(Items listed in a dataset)
————

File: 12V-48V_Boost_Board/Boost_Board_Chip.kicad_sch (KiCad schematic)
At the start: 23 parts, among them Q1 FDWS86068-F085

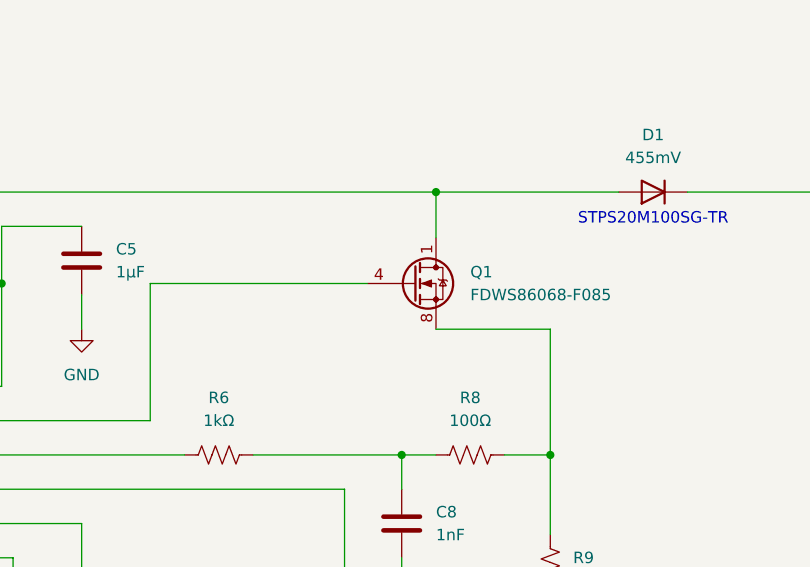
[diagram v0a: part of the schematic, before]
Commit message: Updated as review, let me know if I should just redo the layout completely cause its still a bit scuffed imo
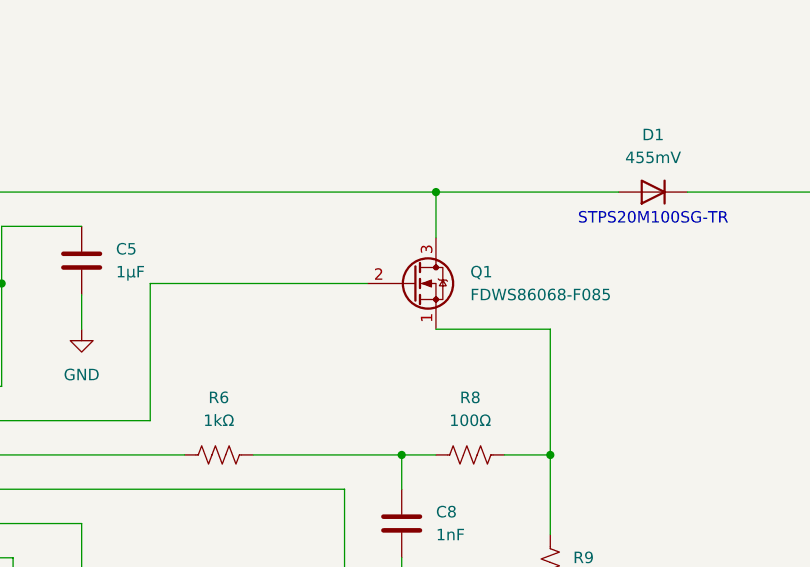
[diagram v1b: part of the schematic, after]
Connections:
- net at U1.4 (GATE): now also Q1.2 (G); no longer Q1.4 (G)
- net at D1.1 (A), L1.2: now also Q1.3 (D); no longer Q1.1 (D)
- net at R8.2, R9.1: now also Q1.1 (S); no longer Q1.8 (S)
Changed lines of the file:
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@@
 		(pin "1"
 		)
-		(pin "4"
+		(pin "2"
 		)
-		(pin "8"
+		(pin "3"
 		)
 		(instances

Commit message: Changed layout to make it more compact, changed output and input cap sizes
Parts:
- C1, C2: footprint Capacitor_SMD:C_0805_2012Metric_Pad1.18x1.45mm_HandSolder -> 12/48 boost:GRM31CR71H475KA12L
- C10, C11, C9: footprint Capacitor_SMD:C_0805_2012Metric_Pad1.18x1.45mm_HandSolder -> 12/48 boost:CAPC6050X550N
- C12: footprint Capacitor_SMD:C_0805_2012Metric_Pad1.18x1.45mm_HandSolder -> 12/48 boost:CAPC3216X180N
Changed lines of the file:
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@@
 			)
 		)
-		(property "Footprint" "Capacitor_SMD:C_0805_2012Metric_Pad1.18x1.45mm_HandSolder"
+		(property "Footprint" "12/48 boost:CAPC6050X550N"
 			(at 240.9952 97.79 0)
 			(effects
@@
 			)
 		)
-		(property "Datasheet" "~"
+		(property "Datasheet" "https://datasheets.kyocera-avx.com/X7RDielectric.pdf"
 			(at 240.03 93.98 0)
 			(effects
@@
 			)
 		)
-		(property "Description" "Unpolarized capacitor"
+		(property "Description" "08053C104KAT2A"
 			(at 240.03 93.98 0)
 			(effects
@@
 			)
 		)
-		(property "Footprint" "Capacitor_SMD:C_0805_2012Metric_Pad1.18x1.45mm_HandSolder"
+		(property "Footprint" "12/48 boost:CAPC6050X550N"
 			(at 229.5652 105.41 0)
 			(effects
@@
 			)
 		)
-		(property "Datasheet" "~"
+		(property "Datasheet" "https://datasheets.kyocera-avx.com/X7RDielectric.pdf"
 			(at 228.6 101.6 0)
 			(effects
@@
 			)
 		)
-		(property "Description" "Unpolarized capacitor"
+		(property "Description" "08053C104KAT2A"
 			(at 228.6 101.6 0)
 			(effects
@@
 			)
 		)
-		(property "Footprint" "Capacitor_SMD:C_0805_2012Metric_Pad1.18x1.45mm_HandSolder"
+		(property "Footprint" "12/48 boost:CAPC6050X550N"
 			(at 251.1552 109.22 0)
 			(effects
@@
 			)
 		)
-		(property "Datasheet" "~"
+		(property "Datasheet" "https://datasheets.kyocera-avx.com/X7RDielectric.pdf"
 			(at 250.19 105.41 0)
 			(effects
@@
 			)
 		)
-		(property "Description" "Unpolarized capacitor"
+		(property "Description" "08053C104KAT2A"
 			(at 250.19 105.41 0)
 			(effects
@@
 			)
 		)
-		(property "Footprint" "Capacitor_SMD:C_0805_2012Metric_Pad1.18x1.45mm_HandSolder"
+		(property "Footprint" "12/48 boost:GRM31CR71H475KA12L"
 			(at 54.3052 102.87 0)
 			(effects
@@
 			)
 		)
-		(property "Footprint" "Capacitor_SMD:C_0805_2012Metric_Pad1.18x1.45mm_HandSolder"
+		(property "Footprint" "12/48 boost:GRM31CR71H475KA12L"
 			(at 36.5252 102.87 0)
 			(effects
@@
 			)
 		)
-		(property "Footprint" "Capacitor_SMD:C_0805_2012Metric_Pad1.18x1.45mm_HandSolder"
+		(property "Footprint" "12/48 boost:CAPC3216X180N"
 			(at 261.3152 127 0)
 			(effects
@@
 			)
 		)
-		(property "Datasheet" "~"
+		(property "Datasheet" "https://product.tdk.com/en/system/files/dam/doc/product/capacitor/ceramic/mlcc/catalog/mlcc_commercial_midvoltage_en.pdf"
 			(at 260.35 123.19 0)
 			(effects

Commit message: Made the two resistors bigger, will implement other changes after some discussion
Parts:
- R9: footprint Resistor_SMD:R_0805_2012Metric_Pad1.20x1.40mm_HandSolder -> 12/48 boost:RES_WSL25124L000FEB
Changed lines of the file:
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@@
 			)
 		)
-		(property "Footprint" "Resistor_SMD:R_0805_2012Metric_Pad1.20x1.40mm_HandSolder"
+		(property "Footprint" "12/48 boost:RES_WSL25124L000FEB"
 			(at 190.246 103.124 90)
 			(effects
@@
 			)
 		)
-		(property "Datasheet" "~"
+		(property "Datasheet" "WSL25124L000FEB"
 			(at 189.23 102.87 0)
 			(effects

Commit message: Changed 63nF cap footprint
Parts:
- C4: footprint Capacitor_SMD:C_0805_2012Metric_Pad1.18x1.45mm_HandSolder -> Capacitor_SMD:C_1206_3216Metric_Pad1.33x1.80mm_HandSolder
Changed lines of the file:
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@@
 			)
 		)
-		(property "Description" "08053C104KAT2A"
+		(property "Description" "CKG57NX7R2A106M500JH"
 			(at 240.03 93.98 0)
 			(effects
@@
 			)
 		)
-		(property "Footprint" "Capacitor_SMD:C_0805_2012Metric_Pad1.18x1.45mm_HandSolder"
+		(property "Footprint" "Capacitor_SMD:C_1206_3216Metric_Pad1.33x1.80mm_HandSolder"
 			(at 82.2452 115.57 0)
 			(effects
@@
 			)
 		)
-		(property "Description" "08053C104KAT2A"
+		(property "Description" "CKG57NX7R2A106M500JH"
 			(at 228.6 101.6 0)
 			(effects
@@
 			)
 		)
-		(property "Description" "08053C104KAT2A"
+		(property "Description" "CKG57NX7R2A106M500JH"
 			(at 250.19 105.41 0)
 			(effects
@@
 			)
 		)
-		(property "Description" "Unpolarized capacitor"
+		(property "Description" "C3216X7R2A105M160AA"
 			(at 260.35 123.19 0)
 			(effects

————

Exercise details => When you output the entries, keep each line exactly as it is and leave out any pictures.

Exercise output =>
File: 12V-48V_Boost_Board/Boost_Board_Chip.kicad_sch (KiCad schematic)
At the start: 23 parts, among them Q1 FDWS86068-F085

[diagram v0a: part of the schematic, before]
Commit message: Updated as review, let me know if I should just redo the layout completely cause its still a bit scuffed imo
[diagram v1b: part of the schematic, after]
Connections:
- net at U1.4 (GATE): now also Q1.2 (G); no longer Q1.4 (G)
- net at D1.1 (A), L1.2: now also Q1.3 (D); no longer Q1.1 (D)
- net at R8.2, R9.1: now also Q1.1 (S); no longer Q1.8 (S)
Changed lines of the file:
@@
 		(pin "1"
 		)
-		(pin "4"
+		(pin "2"
 		)
-		(pin "8"
+		(pin "3"
 		)
 		(instances

Commit message: Changed layout to make it more compact, changed output and input cap sizes
Parts:
- C1, C2: footprint Capacitor_SMD:C_0805_2012Metric_Pad1.18x1.45mm_HandSolder -> 12/48 boost:GRM31CR71H475KA12L
- C10, C11, C9: footprint Capacitor_SMD:C_0805_2012Metric_Pad1.18x1.45mm_HandSolder -> 12/48 boost:CAPC6050X550N
- C12: footprint Capacitor_SMD:C_0805_2012Metric_Pad1.18x1.45mm_HandSolder -> 12/48 boost:CAPC3216X180N
Changed lines of the file:
@@
 			)
 		)
-		(property "Footprint" "Capacitor_SMD:C_0805_2012Metric_Pad1.18x1.45mm_HandSolder"
+		(property "Footprint" "12/48 boost:CAPC6050X550N"
 			(at 240.9952 97.79 0)
 			(effects
@@
 			)
 		)
-		(property "Datasheet" "~"
+		(property "Datasheet" "https://datasheets.kyocera-avx.com/X7RDielectric.pdf"
 			(at 240.03 93.98 0)
 			(effects
@@
 			)
 		)
-		(property "Description" "Unpolarized capacitor"
+		(property "Description" "08053C104KAT2A"
 			(at 240.03 93.98 0)
 			(effects
@@
 			)
 		)
-		(property "Footprint" "Capacitor_SMD:C_0805_2012Metric_Pad1.18x1.45mm_HandSolder"
+		(property "Footprint" "12/48 boost:CAPC6050X550N"
 			(at 229.5652 105.41 0)
 			(effects
@@
 			)
 		)
-		(property "Datasheet" "~"
+		(property "Datasheet" "https://datasheets.kyocera-avx.com/X7RDielectric.pdf"
 			(at 228.6 101.6 0)
 			(effects
@@
 			)
 		)
-		(property "Description" "Unpolarized capacitor"
+		(property "Description" "08053C104KAT2A"
 			(at 228.6 101.6 0)
 			(effects
@@
 			)
 		)
-		(property "Footprint" "Capacitor_SMD:C_0805_2012Metric_Pad1.18x1.45mm_HandSolder"
+		(property "Footprint" "12/48 boost:CAPC6050X550N"
 			(at 251.1552 109.22 0)
 			(effects
@@
 			)
 		)
-		(property "Datasheet" "~"
+		(property "Datasheet" "https://datasheets.kyocera-avx.com/X7RDielectric.pdf"
 			(at 250.19 105.41 0)
 			(effects
@@
 			)
 		)
-		(property "Description" "Unpolarized capacitor"
+		(property "Description" "08053C104KAT2A"
 			(at 250.19 105.41 0)
 			(effects
@@
 			)
 		)
-		(property "Footprint" "Capacitor_SMD:C_0805_2012Metric_Pad1.18x1.45mm_HandSolder"
+		(property "Footprint" "12/48 boost:GRM31CR71H475KA12L"
 			(at 54.3052 102.87 0)
 			(effects
@@
 			)
 		)
-		(property "Footprint" "Capacitor_SMD:C_0805_2012Metric_Pad1.18x1.45mm_HandSolder"
+		(property "Footprint" "12/48 boost:GRM31CR71H475KA12L"
 			(at 36.5252 102.87 0)
 			(effects
@@
 			)
 		)
-		(property "Footprint" "Capacitor_SMD:C_0805_2012Metric_Pad1.18x1.45mm_HandSolder"
+		(property "Footprint" "12/48 boost:CAPC3216X180N"
 			(at 261.3152 127 0)
 			(effects
@@
 			)
 		)
-		(property "Datasheet" "~"
+		(property "Datasheet" "https://product.tdk.com/en/system/files/dam/doc/product/capacitor/ceramic/mlcc/catalog/mlcc_commercial_midvoltage_en.pdf"
 			(at 260.35 123.19 0)
 			(effects

Commit message: Made the two resistors bigger, will implement other changes after some discussion
Parts:
- R9: footprint Resistor_SMD:R_0805_2012Metric_Pad1.20x1.40mm_HandSolder -> 12/48 boost:RES_WSL25124L000FEB
Changed lines of the file:
@@
 			)
 		)
-		(property "Footprint" "Resistor_SMD:R_0805_2012Metric_Pad1.20x1.40mm_HandSolder"
+		(property "Footprint" "12/48 boost:RES_WSL25124L000FEB"
 			(at 190.246 103.124 90)
 			(effects
@@
 			)
 		)
-		(property "Datasheet" "~"
+		(property "Datasheet" "WSL25124L000FEB"
 			(at 189.23 102.87 0)
 			(effects

Commit message: Changed 63nF cap footprint
Parts:
- C4: footprint Capacitor_SMD:C_0805_2012Metric_Pad1.18x1.45mm_HandSolder -> Capacitor_SMD:C_1206_3216Metric_Pad1.33x1.80mm_HandSolder
Changed lines of the file:
@@
 			)
 		)
-		(property "Description" "08053C104KAT2A"
+		(property "Description" "CKG57NX7R2A106M500JH"
 			(at 240.03 93.98 0)
 			(effects
@@
 			)
 		)
-		(property "Footprint" "Capacitor_SMD:C_0805_2012Metric_Pad1.18x1.45mm_HandSolder"
+		(property "Footprint" "Capacitor_SMD:C_1206_3216Metric_Pad1.33x1.80mm_HandSolder"
 			(at 82.2452 115.57 0)
 			(effects
@@
 			)
 		)
-		(property "Description" "08053C104KAT2A"
+		(property "Description" "CKG57NX7R2A106M500JH"
 			(at 228.6 101.6 0)
 			(effects
@@
 			)
 		)
-		(property "Description" "08053C104KAT2A"
+		(property "Description" "CKG57NX7R2A106M500JH"
 			(at 250.19 105.41 0)
 			(effects
@@
 			)
 		)
-		(property "Description" "Unpolarized capacitor"
+		(property "Description" "C3216X7R2A105M160AA"
 			(at 260.35 123.19 0)
 			(effects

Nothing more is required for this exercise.